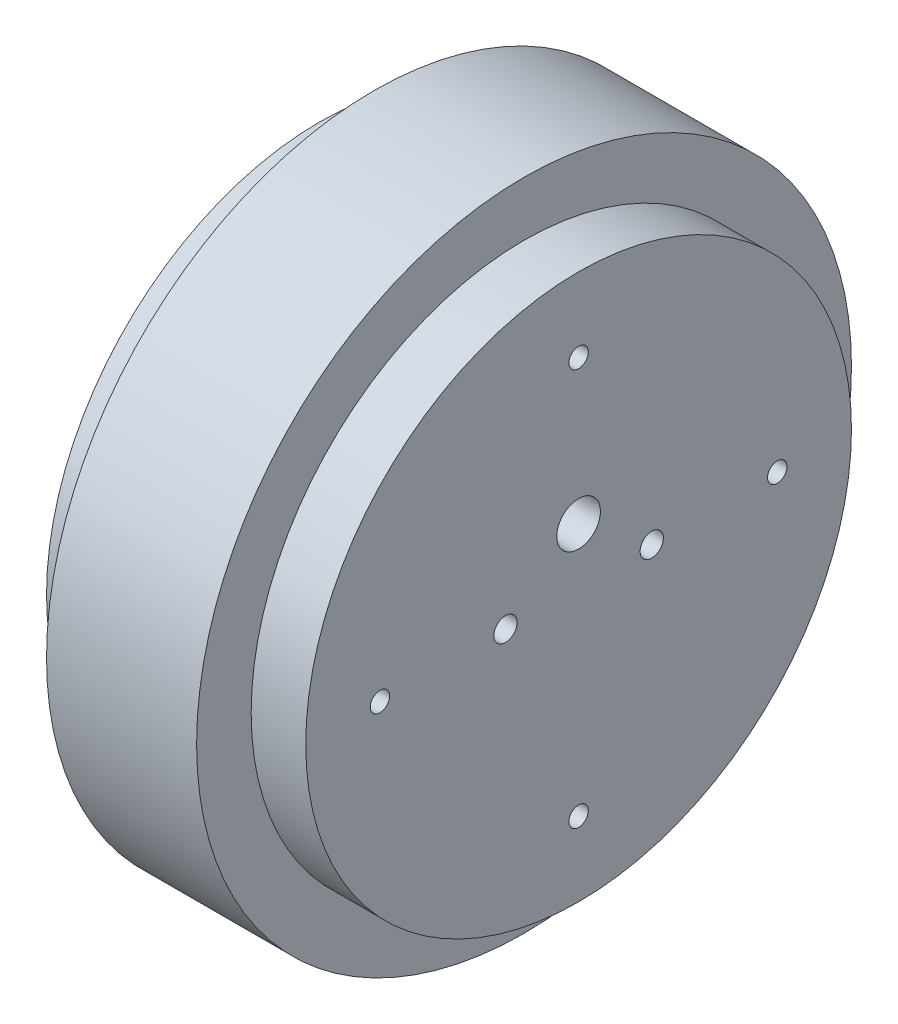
ISO-10303-21;
HEADER;
FILE_DESCRIPTION(('STEP AP214'),'2;1');
FILE_NAME('part.step','',(''),(''),'','','');
FILE_SCHEMA(('AUTOMOTIVE_DESIGN { 1 0 10303 214 1 1 1 1 }'));
ENDSEC;
DATA;
#1=APPLICATION_CONTEXT('core data for automotive mechanical design processes');
#2=APPLICATION_PROTOCOL_DEFINITION('international standard','automotive_design',2000,#1);
#3=PRODUCT_CONTEXT('',#1,'mechanical');
#4=PRODUCT('Part','Part','',(#3));
#5=PRODUCT_RELATED_PRODUCT_CATEGORY('part','',(#4));
#6=PRODUCT_DEFINITION_FORMATION('','',#4);
#7=PRODUCT_DEFINITION_CONTEXT('part definition',#1,'design');
#8=PRODUCT_DEFINITION('design','',#6,#7);
#9=PRODUCT_DEFINITION_SHAPE('','',#8);
#10=(LENGTH_UNIT() NAMED_UNIT(*) SI_UNIT(.MILLI.,.METRE.));
#11=(NAMED_UNIT(*) PLANE_ANGLE_UNIT() SI_UNIT($,.RADIAN.));
#12=(NAMED_UNIT(*) SI_UNIT($,.STERADIAN.) SOLID_ANGLE_UNIT());
#13=UNCERTAINTY_MEASURE_WITH_UNIT(LENGTH_MEASURE(1.E-05),#10,'distance_accuracy_value','');
#14=(GEOMETRIC_REPRESENTATION_CONTEXT(3) GLOBAL_UNCERTAINTY_ASSIGNED_CONTEXT((#13)) GLOBAL_UNIT_ASSIGNED_CONTEXT((#10,
#11,#12)) REPRESENTATION_CONTEXT('',''));
#15=CARTESIAN_POINT('',(0.,0.,0.));
#16=DIRECTION('',(0.,0.,1.));
#17=DIRECTION('',(1.,0.,0.));
#18=AXIS2_PLACEMENT_3D('',#15,#16,#17);
#19=CARTESIAN_POINT('',(-4.7625,0.,0.));
#20=DIRECTION('',(-1.,0.,0.));
#21=DIRECTION('',(0.,0.,1.));
#22=AXIS2_PLACEMENT_3D('',#19,#20,#21);
#23=CYLINDRICAL_SURFACE('',#22,27.5336);
#24=CARTESIAN_POINT('',(-11.1125,0.,0.));
#25=DIRECTION('',(-1.,0.,0.));
#26=DIRECTION('',(0.,0.,1.));
#27=AXIS2_PLACEMENT_3D('',#24,#25,#26);
#28=CIRCLE('',#27,27.5336);
#29=CARTESIAN_POINT('',(-11.1125,0.,27.5336));
#30=VERTEX_POINT('',#29);
#31=EDGE_CURVE('E86',#30,#30,#28,.T.);
#32=ORIENTED_EDGE('',*,*,#31,.T.);
#33=EDGE_LOOP('',(#32));
#34=FACE_BOUND('',#33,.T.);
#35=CARTESIAN_POINT('',(-9.7917,0.,0.));
#36=DIRECTION('',(-1.,0.,0.));
#37=DIRECTION('',(0.,0.,1.));
#38=AXIS2_PLACEMENT_3D('',#35,#36,#37);
#39=CIRCLE('',#38,27.5336);
#40=CARTESIAN_POINT('',(-9.7917,0.,27.5336));
#41=VERTEX_POINT('',#40);
#42=EDGE_CURVE('E10',#41,#41,#39,.T.);
#43=ORIENTED_EDGE('',*,*,#42,.F.);
#44=EDGE_LOOP('',(#43));
#45=FACE_BOUND('',#44,.T.);
#46=ADVANCED_FACE('F40',(#34,#45),#23,.F.);
#47=CARTESIAN_POINT('',(-9.7917,0.,0.));
#48=DIRECTION('',(-1.,0.,0.));
#49=DIRECTION('',(0.,0.,1.));
#50=AXIS2_PLACEMENT_3D('',#47,#48,#49);
#51=PLANE('',#50);
#52=ORIENTED_EDGE('',*,*,#42,.T.);
#53=EDGE_LOOP('',(#52));
#54=FACE_BOUND('',#53,.T.);
#55=CARTESIAN_POINT('',(-9.7917,0.,0.));
#56=DIRECTION('',(-1.,0.,0.));
#57=DIRECTION('',(0.,0.,1.));
#58=AXIS2_PLACEMENT_3D('',#55,#56,#57);
#59=CIRCLE('',#58,25.4);
#60=CARTESIAN_POINT('',(-9.7917,0.,25.4));
#61=VERTEX_POINT('',#60);
#62=EDGE_CURVE('E46',#61,#61,#59,.T.);
#63=ORIENTED_EDGE('',*,*,#62,.F.);
#64=EDGE_LOOP('',(#63));
#65=FACE_BOUND('',#64,.T.);
#66=ADVANCED_FACE('F160',(#54,#65),#51,.T.);
#67=CARTESIAN_POINT('',(-4.7625,0.,0.));
#68=DIRECTION('',(-1.,0.,0.));
#69=DIRECTION('',(0.,0.,1.));
#70=AXIS2_PLACEMENT_3D('',#67,#68,#69);
#71=CYLINDRICAL_SURFACE('',#70,25.4);
#72=ORIENTED_EDGE('',*,*,#62,.T.);
#73=EDGE_LOOP('',(#72));
#74=FACE_BOUND('',#73,.T.);
#75=CARTESIAN_POINT('',(-11.1125,0.,0.));
#76=DIRECTION('',(-1.,0.,0.));
#77=DIRECTION('',(0.,0.,1.));
#78=AXIS2_PLACEMENT_3D('',#75,#76,#77);
#79=CIRCLE('',#78,25.4);
#80=CARTESIAN_POINT('',(-11.1125,0.,25.4));
#81=VERTEX_POINT('',#80);
#82=EDGE_CURVE('E50',#81,#81,#79,.T.);
#83=ORIENTED_EDGE('',*,*,#82,.F.);
#84=EDGE_LOOP('',(#83));
#85=FACE_BOUND('',#84,.T.);
#86=ADVANCED_FACE('F154',(#74,#85),#71,.T.);
#87=CARTESIAN_POINT('',(-11.1125,0.,0.));
#88=DIRECTION('',(1.,0.,0.));
#89=DIRECTION('',(0.,0.,-1.));
#90=AXIS2_PLACEMENT_3D('',#87,#88,#89);
#91=PLANE('',#90);
#92=CARTESIAN_POINT('',(-11.1125,0.,0.));
#93=DIRECTION('',(-1.,0.,0.));
#94=DIRECTION('',(0.,0.,1.));
#95=AXIS2_PLACEMENT_3D('',#92,#93,#94);
#96=CIRCLE('',#95,22.86);
#97=CARTESIAN_POINT('',(-11.1125,0.,22.86));
#98=VERTEX_POINT('',#97);
#99=EDGE_CURVE('E54',#98,#98,#96,.T.);
#100=ORIENTED_EDGE('',*,*,#99,.F.);
#101=EDGE_LOOP('',(#100));
#102=FACE_BOUND('',#101,.T.);
#103=ORIENTED_EDGE('',*,*,#82,.T.);
#104=EDGE_LOOP('',(#103));
#105=FACE_BOUND('',#104,.T.);
#106=ADVANCED_FACE('F148',(#102,#105),#91,.F.);
#107=CARTESIAN_POINT('',(-4.7625,0.,0.));
#108=DIRECTION('',(-1.,0.,0.));
#109=DIRECTION('',(0.,0.,1.));
#110=AXIS2_PLACEMENT_3D('',#107,#108,#109);
#111=CYLINDRICAL_SURFACE('',#110,22.86);
#112=CARTESIAN_POINT('',(-4.7625,0.,0.));
#113=DIRECTION('',(-1.,0.,0.));
#114=DIRECTION('',(0.,0.,1.));
#115=AXIS2_PLACEMENT_3D('',#112,#113,#114);
#116=CIRCLE('',#115,22.86);
#117=CARTESIAN_POINT('',(-4.7625,0.,22.86));
#118=VERTEX_POINT('',#117);
#119=EDGE_CURVE('E59',#118,#118,#116,.T.);
#120=ORIENTED_EDGE('',*,*,#119,.F.);
#121=EDGE_LOOP('',(#120));
#122=FACE_BOUND('',#121,.T.);
#123=ORIENTED_EDGE('',*,*,#99,.T.);
#124=EDGE_LOOP('',(#123));
#125=FACE_BOUND('',#124,.T.);
#126=ADVANCED_FACE('F138',(#122,#125),#111,.F.);
#127=CARTESIAN_POINT('',(-4.7625,0.,0.));
#128=DIRECTION('',(1.,0.,0.));
#129=DIRECTION('',(0.,0.,-1.));
#130=AXIS2_PLACEMENT_3D('',#127,#128,#129);
#131=PLANE('',#130);
#132=CARTESIAN_POINT('',(-4.7625,0.,-8.509));
#133=DIRECTION('',(-1.,0.,0.));
#134=DIRECTION('',(0.,0.,1.));
#135=AXIS2_PLACEMENT_3D('',#132,#133,#134);
#136=CIRCLE('',#135,1.35255);
#137=CARTESIAN_POINT('',(-4.7625,0.,-7.15645));
#138=VERTEX_POINT('',#137);
#139=EDGE_CURVE('E128',#138,#138,#136,.T.);
#140=ORIENTED_EDGE('',*,*,#139,.F.);
#141=EDGE_LOOP('',(#140));
#142=FACE_BOUND('',#141,.T.);
#143=CARTESIAN_POINT('',(-4.7625,0.,8.509));
#144=DIRECTION('',(-1.,0.,0.));
#145=DIRECTION('',(0.,0.,1.));
#146=AXIS2_PLACEMENT_3D('',#143,#144,#145);
#147=CIRCLE('',#146,1.35255);
#148=CARTESIAN_POINT('',(-4.7625,0.,9.86155));
#149=VERTEX_POINT('',#148);
#150=EDGE_CURVE('E122',#149,#149,#147,.T.);
#151=ORIENTED_EDGE('',*,*,#150,.F.);
#152=EDGE_LOOP('',(#151));
#153=FACE_BOUND('',#152,.T.);
#154=CARTESIAN_POINT('',(-4.7625,6.35,0.));
#155=DIRECTION('',(-1.,0.,0.));
#156=DIRECTION('',(0.,0.,1.));
#157=AXIS2_PLACEMENT_3D('',#154,#155,#156);
#158=CIRCLE('',#157,2.54);
#159=CARTESIAN_POINT('',(-4.7625,6.35,2.54));
#160=VERTEX_POINT('',#159);
#161=EDGE_CURVE('E92',#160,#160,#158,.T.);
#162=ORIENTED_EDGE('',*,*,#161,.F.);
#163=EDGE_LOOP('',(#162));
#164=FACE_BOUND('',#163,.T.);
#165=ORIENTED_EDGE('',*,*,#119,.T.);
#166=EDGE_LOOP('',(#165));
#167=FACE_BOUND('',#166,.T.);
#168=ADVANCED_FACE('F134',(#142,#153,#164,#167),#131,.F.);
#169=CARTESIAN_POINT('',(0.,0.,0.));
#170=DIRECTION('',(-1.,0.,0.));
#171=DIRECTION('',(0.,0.,1.));
#172=AXIS2_PLACEMENT_3D('',#169,#170,#171);
#173=PLANE('',#172);
#174=CARTESIAN_POINT('',(0.,0.,-8.509));
#175=DIRECTION('',(-1.,0.,0.));
#176=DIRECTION('',(0.,0.,1.));
#177=AXIS2_PLACEMENT_3D('',#174,#175,#176);
#178=CIRCLE('',#177,1.35255);
#179=CARTESIAN_POINT('',(0.,0.,-7.15645));
#180=VERTEX_POINT('',#179);
#181=EDGE_CURVE('E125',#180,#180,#178,.T.);
#182=ORIENTED_EDGE('',*,*,#181,.T.);
#183=EDGE_LOOP('',(#182));
#184=FACE_BOUND('',#183,.T.);
#185=CARTESIAN_POINT('',(0.,0.,8.509));
#186=DIRECTION('',(-1.,0.,0.));
#187=DIRECTION('',(0.,0.,1.));
#188=AXIS2_PLACEMENT_3D('',#185,#186,#187);
#189=CIRCLE('',#188,1.35255);
#190=CARTESIAN_POINT('',(0.,0.,9.86155));
#191=VERTEX_POINT('',#190);
#192=EDGE_CURVE('E119',#191,#191,#189,.T.);
#193=ORIENTED_EDGE('',*,*,#192,.T.);
#194=EDGE_LOOP('',(#193));
#195=FACE_BOUND('',#194,.T.);
#196=CARTESIAN_POINT('',(0.,23.114,0.));
#197=DIRECTION('',(1.,0.,0.));
#198=DIRECTION('',(0.,0.,-1.));
#199=AXIS2_PLACEMENT_3D('',#196,#197,#198);
#200=CIRCLE('',#199,1.1303);
#201=CARTESIAN_POINT('',(0.,23.114,-1.1303));
#202=VERTEX_POINT('',#201);
#203=EDGE_CURVE('E116',#202,#202,#200,.T.);
#204=ORIENTED_EDGE('',*,*,#203,.F.);
#205=EDGE_LOOP('',(#204));
#206=FACE_BOUND('',#205,.T.);
#207=CARTESIAN_POINT('',(0.,0.,-23.114));
#208=DIRECTION('',(1.,0.,0.));
#209=DIRECTION('',(0.,0.,-1.));
#210=AXIS2_PLACEMENT_3D('',#207,#208,#209);
#211=CIRCLE('',#210,1.1303);
#212=CARTESIAN_POINT('',(0.,0.,-24.2443));
#213=VERTEX_POINT('',#212);
#214=EDGE_CURVE('E110',#213,#213,#211,.T.);
#215=ORIENTED_EDGE('',*,*,#214,.F.);
#216=EDGE_LOOP('',(#215));
#217=FACE_BOUND('',#216,.T.);
#218=CARTESIAN_POINT('',(0.,-23.114,0.));
#219=DIRECTION('',(1.,0.,0.));
#220=DIRECTION('',(0.,0.,-1.));
#221=AXIS2_PLACEMENT_3D('',#218,#219,#220);
#222=CIRCLE('',#221,1.1303);
#223=CARTESIAN_POINT('',(0.,-23.114,-1.1303));
#224=VERTEX_POINT('',#223);
#225=EDGE_CURVE('E104',#224,#224,#222,.T.);
#226=ORIENTED_EDGE('',*,*,#225,.F.);
#227=EDGE_LOOP('',(#226));
#228=FACE_BOUND('',#227,.T.);
#229=CARTESIAN_POINT('',(0.,0.,23.114));
#230=DIRECTION('',(1.,0.,0.));
#231=DIRECTION('',(0.,0.,-1.));
#232=AXIS2_PLACEMENT_3D('',#229,#230,#231);
#233=CIRCLE('',#232,1.1303);
#234=CARTESIAN_POINT('',(0.,0.,21.9837));
#235=VERTEX_POINT('',#234);
#236=EDGE_CURVE('E98',#235,#235,#233,.T.);
#237=ORIENTED_EDGE('',*,*,#236,.F.);
#238=EDGE_LOOP('',(#237));
#239=FACE_BOUND('',#238,.T.);
#240=CARTESIAN_POINT('',(0.,6.35,0.));
#241=DIRECTION('',(-1.,0.,0.));
#242=DIRECTION('',(0.,0.,1.));
#243=AXIS2_PLACEMENT_3D('',#240,#241,#242);
#244=CIRCLE('',#243,2.54);
#245=CARTESIAN_POINT('',(0.,6.35,2.54));
#246=VERTEX_POINT('',#245);
#247=EDGE_CURVE('E89',#246,#246,#244,.F.);
#248=ORIENTED_EDGE('',*,*,#247,.F.);
#249=EDGE_LOOP('',(#248));
#250=FACE_BOUND('',#249,.T.);
#251=CARTESIAN_POINT('',(0.,0.,0.));
#252=DIRECTION('',(-1.,0.,0.));
#253=DIRECTION('',(0.,0.,1.));
#254=AXIS2_PLACEMENT_3D('',#251,#252,#253);
#255=CIRCLE('',#254,31.75);
#256=CARTESIAN_POINT('',(0.,0.,31.75));
#257=VERTEX_POINT('',#256);
#258=EDGE_CURVE('E62',#257,#257,#255,.T.);
#259=ORIENTED_EDGE('',*,*,#258,.F.);
#260=EDGE_LOOP('',(#259));
#261=FACE_BOUND('',#260,.T.);
#262=ADVANCED_FACE('F137',(#184,#195,#206,#217,#228,#239,#250,#261),#173,.F.);
#263=CARTESIAN_POINT('',(-4.7625,0.,0.));
#264=DIRECTION('',(-1.,0.,0.));
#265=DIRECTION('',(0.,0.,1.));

§ WHAT IS NEEDED: Retype only the lines that run from the first line of the entries above to the line containing "#1=APPLICATION_CONTEXT('core data for", both included. Do not carry over any pictures.

§ YOUR RESPONSE:
ISO-10303-21;
HEADER;
FILE_DESCRIPTION(('STEP AP214'),'2;1');
FILE_NAME('part.step','',(''),(''),'','','');
FILE_SCHEMA(('AUTOMOTIVE_DESIGN { 1 0 10303 214 1 1 1 1 }'));
ENDSEC;
DATA;
#1=APPLICATION_CONTEXT('core data for automotive mechanical design processes');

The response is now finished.